When you copy the entries, omit the images and keep every word as it is.

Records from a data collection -
= Beginning of Section =
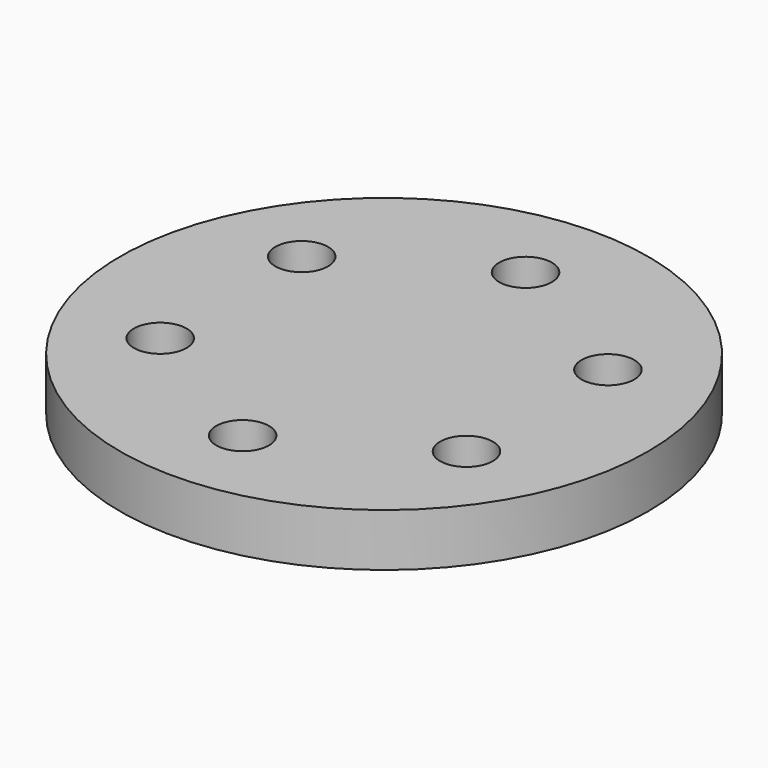
from build123d import *

# Parameters (mm, degrees)
F2_R            = 60
F3_DEPTH        = 12
F5_R            = 6
F6_DEPTH        = 12.001
F6_COPIES_COUNT = 6


# Not quite as in the source:
# - a pattern or mirror of a feature is missing from the dataset's text; its kind, count and spacing are read off the source's solid


with BuildPart() as f3:
    # F2 (on Top) → F3 (new body)
    with BuildSketch(Plane.XY):
        Circle(F2_R)
    extrude(amount=F3_DEPTH)

    # F5 (on face) → F6 (cut, through all)
    with BuildSketch(Plane.XY.offset(12)):
        with Locations((0, 40.1915311813)):
            Circle(F5_R)
    f6 = extrude(amount=-F6_DEPTH, mode=Mode.SUBTRACT)

    # F6_copies: F6 ×6 about axis
    f6_copies_axis = Axis((0, 0, 0), (0, 0, 1))
    for i in range(1, F6_COPIES_COUNT):
        add(f6.rotate(f6_copies_axis, i * 360 / F6_COPIES_COUNT), mode=Mode.SUBTRACT)


solid = f3.part
= End of Section =
Expected answer -
from build123d import *

# Parameters (mm, degrees)
F2_R            = 60
F3_DEPTH        = 12
F5_R            = 6
F6_DEPTH        = 12.001
F6_COPIES_COUNT = 6


# Not quite as in the source:
# - a pattern or mirror of a feature is missing from the dataset's text; its kind, count and spacing are read off the source's solid


with BuildPart() as f3:
    # F2 (on Top) → F3 (new body)
    with BuildSketch(Plane.XY):
        Circle(F2_R)
    extrude(amount=F3_DEPTH)

    # F5 (on face) → F6 (cut, through all)
    with BuildSketch(Plane.XY.offset(12)):
        with Locations((0, 40.1915311813)):
            Circle(F5_R)
    f6 = extrude(amount=-F6_DEPTH, mode=Mode.SUBTRACT)

    # F6_copies: F6 ×6 about axis
    f6_copies_axis = Axis((0, 0, 0), (0, 0, 1))
    for i in range(1, F6_COPIES_COUNT):
        add(f6.rotate(f6_copies_axis, i * 360 / F6_COPIES_COUNT), mode=Mode.SUBTRACT)


solid = f3.part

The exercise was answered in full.